Task goal: In the output, include exactly the lines from the beginning of the records up to and including the one that contains "import ezdxf", and leave out the pictures.

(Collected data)
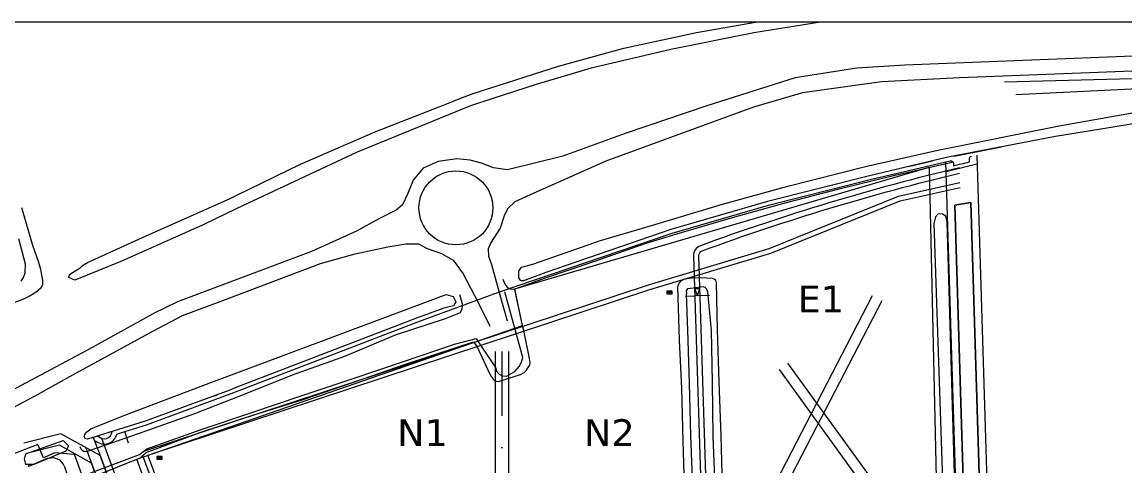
# Model space of a CAD drawing. Header units: millimetres. Extents: x 111563 to 112628, y 522776 to 523529.
# Drawn here: x 111919.6 to 112332.6, y 523362.5 to 523528.7 of the extents above; entities that cross this region are included whole.
import ezdxf
from ezdxf.enums import TextEntityAlignment as Align

# ---------------------------------------------------------------- set-up
doc = ezdxf.new("R2010")
doc.units = ezdxf.units.MM
doc.linetypes.add('DASHDOTX2', pattern=[48, 24, -11.95, 0.1, -11.95])
for name, color, linetype, lineweight, true_color in [('aggregaten', 94, 'Continuous', 0, 0x00aa00), ('border', 18, 'Continuous', 0, 0x000000), ('bouwweg', 1, 'Continuous', 0, 0xff0000), ('bouwweg as', 18, 'DASHDOTX2', 0, 0x000000), ('event roads', 1, 'Continuous', 0, 0xff0000), ('FIELD A - talud basis', 253, 'Continuous', 0, 0xadadad), ('FIELD A - talud plateau', 253, 'Continuous', 0, 0xadadad), ('FIELD N-O-Q - hull', 18, 'Continuous', 0, 0x000000), ('KOP -ACHTERGROND', 47, 'Continuous', 0, 0x7f6f3f), ('Q05 bomenrij-groep', 3, 'Continuous', 0, 0x00ff00), ('V00 kant verhard', 253, 'Continuous', 0, 0xadadad), ('W00 kant water', 5, 'Continuous', 0, 0x0000ff)]:
    doc.layers.add(name, color=color, linetype=linetype, lineweight=lineweight, true_color=true_color)
doc.styles.add('textstyle71', font='')
doc.styles.add('textstyle72', font='')
doc.styles.add('textstyle76', font='')
doc.styles.get('textstyle71').set_extended_font_data('DejaVu Sans Mono')
doc.styles.get('textstyle72').set_extended_font_data('DejaVu Sans Mono')
doc.styles.get('textstyle76').set_extended_font_data('DejaVu Sans Mono')

msp = doc.modelspace()

# ---------------------------------------------------------------- hatches: boundary and pattern name
at = {"layer": 'FIELD N-O-Q - hull'}
h = msp.add_hatch(dxfattribs=at)
h.set_pattern_fill('AR-B816', color=256, scale=1000, style=0)
h.paths.add_polyline_path([(112104.1131, 523428.83168), (112259.20185, 523474.28717), (112262.73937, 523319.31976), (112187.88576, 523319.44031), (112192.07783, 523173.24212), (112050.76029, 523122.41024), (111962.59473, 523365.03129), (112106.90715, 523415.11788)], flags=0)
at = {"layer": 'V00 kant verhard'}
h = msp.add_hatch(dxfattribs=at)
h.set_pattern_fill('AR-B816', color=256, scale=1000, style=0)
h.paths.add_polyline_path([(112627.903, 523527.23764), (112530.566, 523523.343), (112470.508, 523521.339), (112250.136, 523512.538), (112232.138, 523511.372), (112209.07328, 523507.80812), (112176.04435, 523497.34878), (112145.45738, 523486.9362), (112122.02906, 523478.47597), (112101.34175, 523473.3585), (112096.16551, 523474.12131), (112091.60479, 523475.87283), (112087.37467, 523477.0117), (112082.33108, 523477.49979), (112075.33512, 523476.52361), (112069.82603, 523473.93854), (112065.98458, 523469.41919), (112063.95088, 523464.22194), (112062.03015, 523460.26751), (112059.65749, 523458.2338), (112053.10443, 523454.95727), (112045.08258, 523450.5509), (112027.90905, 523442.75502), (111977.74425, 523423.88673), (111968.472, 523419.474), (111943.43, 523405.653), (111913.759, 523389.75), (111893.101, 523379.078), (111856.481, 523362.188), (111832.057, 523351.451), (111790.216, 523335.613), (111696.025, 523301.114), (111604.124, 523267.735), (111597.716, 523265.419), (111592.013, 523263.358), (111564.203, 523253.30553), (111564.203, 523247.16755), (111590.937, 523256.883), (111599.753, 523260.087), (111603.433, 523261.424), (111658.83, 523281.405), (111683.966, 523290.714), (111739.147, 523310.825), (111798.108, 523332.5), (111846.428, 523351.628), (111885.622, 523369.01), (111909.176, 523380.637), (111924.485, 523388.786), (111939.759, 523397.227), (111968.801, 523413.129), (111979.6449, 523418.82803), (111994.69434, 523424.38683), (112031.30108, 523438.35163), (112044.31681, 523441.87672), (112056.51906, 523444.58833), (112063.29809, 523445.67298), (112068.04341, 523445.67298), (112071.29734, 523443.91043), (112076.58498, 523442.0123), (112081.02294, 523439.58514), (112084.68445, 523434.41979), (112090.37287, 523423.6968), (112094.68823, 523414.86994), (112101.19079, 523416.84175), (112098.47918, 523426.55835), (112095.31473, 523437.86306), (112094.18489, 523441.0266), (112094.07191, 523443.73821), (112094.97578, 523445.88491), (112098.5511, 523451.47965), (112100.07368, 523456.16576), (112101.31598, 523458.78113), (112104.06211, 523461.33111), (112109.89617, 523464.04662), (112138.20538, 523476.54172), (112193.45716, 523496.84626), (112211.80659, 523502.14627), (112241.433, 523506.322), (112270.728, 523507.824), (112491.463, 523516.319), (112537.339, 523518.279), (112627.903, 523521.60036)], flags=0)
edge = h.paths.add_edge_path(flags=0)
edge.add_arc((112082.02378, 523459.1117), 13.84051, 0, 360)
at = {"layer": 'W00 kant water'}
h = msp.add_hatch(dxfattribs=at)
h.set_pattern_fill('AR-B816', color=256, scale=1000, style=0)
h.paths.add_polyline_path([(111897.94137, 523528.655), (111904.06071, 523528.655), (111904.445, 523523.333), (111906.786, 523511.835), (111909.577, 523500), (111913.453, 523483.559), (111919.367, 523459.282), (111923.513, 523445.144), (111925.706, 523438.777), (111926.452, 523436.13), (111926.835, 523433.981), (111927.16, 523432.01), (111927.272, 523430.274), (111926.45, 523428.959), (111924.83, 523427.564), (111922.606, 523426.193), (111920.041, 523424.945), (111887.199, 523412.734), (111831.625, 523391.819), (111788.102, 523376.41), (111786.893, 523376.11), (111785.713, 523376.236), (111785.003, 523376.84), (111784.774, 523377.762), (111785.272, 523378.563), (111786.091, 523379.091), (111814, 523388.718), (111896.988, 523419.733), (111908.617, 523423.623), (111910.915, 523424.617), (111912.877, 523425.452), (111914.561, 523426.44), (111916.062, 523427.65), (111918.331, 523430.316), (111919.273, 523431.675), (111920.106, 523433.02), (111920.693, 523434.751), (111920.857, 523438.086), (111918.296, 523447.471), (111916.416, 523453.393), (111910.953, 523475.954), (111905.418, 523497.454), (111904.802, 523500), (111901.358, 523514.239)], flags=0)
h = msp.add_hatch(dxfattribs=at)
h.set_pattern_fill('AR-B816', color=256, scale=1000, style=0)
h.paths.add_polyline_path([(112218.50399, 523528.655), (112193.581, 523524.564), (112162.501, 523518.384), (112132.67, 523511.442), (112112.141, 523505.272), (112095.854, 523500), (112087.541, 523497.309), (112045.105, 523480.005), (112000, 523458.88), (111987.351, 523452.824), (111956.593, 523439.06), (111939.293, 523431.993), (111937.064, 523433.091), (111937.354, 523434.194), (111938.693, 523435.095), (111940.023, 523435.877), (111941.297, 523436.697), (111942.252, 523437.508), (111944.101, 523438.664), (111966.046, 523448.681), (111997.279, 523462.502), (112000, 523463.827), (112023.857, 523475.44), (112052.044, 523487.643), (112079.222, 523498.33), (112083.469, 523500), (112088.438, 523501.954), (112120.4, 523512.103), (112144.906, 523518.875), (112172.083, 523524.758), (112194.2392, 523528.655)], flags=0)
h = msp.add_hatch(dxfattribs=at)
h.set_pattern_fill('AR-B816', color=256, scale=1000, style=0)
h.paths.add_polyline_path([(112627.903, 523509.22387), (112597.785, 523507.64), (112596.73, 523507.227), (112595.534, 523506.255), (112595.078, 523505.517), (112594.672, 523502.871), (112594.661, 523500), (112594.641, 523494.745), (112598.264, 523395.374), (112600.544, 523310.968), (112602.481, 523248.983), (112603.58, 523233.409), (112604.28, 523231.277), (112605.391, 523230.827), (112609.039, 523230.684), (112610.668, 523229.042), (112610.432, 523227.621), (112609.632, 523226.917), (112607.939, 523226.657), (112597.944, 523226.167), (112596.792, 523226.548), (112596.137, 523227.634), (112595.635, 523230.88), (112587.815, 523500), (112587.687, 523504.401), (112587.436, 523506.074), (112586.551, 523506.886), (112585.892, 523507.13), (112530.789, 523505.317), (112499.807, 523504.963), (112454.066, 523502.821), (112414.728, 523500.289), (112412.224, 523500), (112375.787, 523495.794), (112337.859, 523490.953), (112328.89, 523489.496), (112306.523, 523485.863), (112266.236, 523478.056), (112236.883, 523471.082), (112198.758, 523461.501), (112162.535, 523451.029), (112115.72744, 523434.91235), (112107.38344, 523431.85772), (112106.33238, 523431.83145), (112105.54409, 523432.98761), (112105.5589, 523435.47727), (112106.57575, 523436.94606), (112110.8085, 523438.083), (112136.2235, 523446.855), (112153.999, 523452.151), (112181.924, 523460.459), (112206.336, 523467.213), (112235.36, 523474.637), (112262.512, 523480.739), (112307.909, 523489.773), (112336.834, 523494.872), (112368.575, 523499.239), (112375.839, 523500), (112395.474, 523502.057), (112416.404, 523503.885), (112452.683, 523506.082), (112494.639, 523507.867), (112541.045, 523509.28), (112589.266, 523511.157), (112594.71, 523511.063), (112599.887, 523511.339), (112610.148, 523512.8), (112614.507, 523513.104), (112627.903, 523513.29173)], flags=0)
h = msp.add_hatch(dxfattribs=at)
h.set_pattern_fill('AR-B816', color=256, scale=1000, style=0)
h.paths.add_polyline_path([(112197.89912, 523308.93983), (112198.17156, 523310.08405), (112198.93437, 523310.90135), (112265.1482, 523310.68835), (112267.50203, 523310.81912), (112268.94048, 523311.08065), (112270.1174, 523312.32295), (112265.99312, 523453.83306), (112265.52235, 523455.95151), (112264.26697, 523456.81458), (112262.61929, 523456.89304), (112261.5993, 523455.79459), (112261.05007, 523453.20537), (112265.63586, 523316.44397), (112265.33315, 523315.27099), (112264.16017, 523314.74125), (112196.29763, 523314.41606), (112194.772, 523313.87119), (112194.11816, 523311.90967), (112197.34533, 523189.29817), (112197.48155, 523186.43761), (112197.0729, 523185.80193), (112196.2556, 523185.12085), (112195.93776, 523184.43976), (112196.02857, 523181.62461), (112196.45315, 523179.28849), (112197.1593, 523177.8762), (112198.41468, 523177.71927), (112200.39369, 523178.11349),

Task result:
# Model space of a CAD drawing. Header units: millimetres. Extents: x 111563 to 112628, y 522776 to 523529.
# Drawn here: x 111919.6 to 112332.6, y 523362.5 to 523528.7 of the extents above; entities that cross this region are included whole.
import ezdxf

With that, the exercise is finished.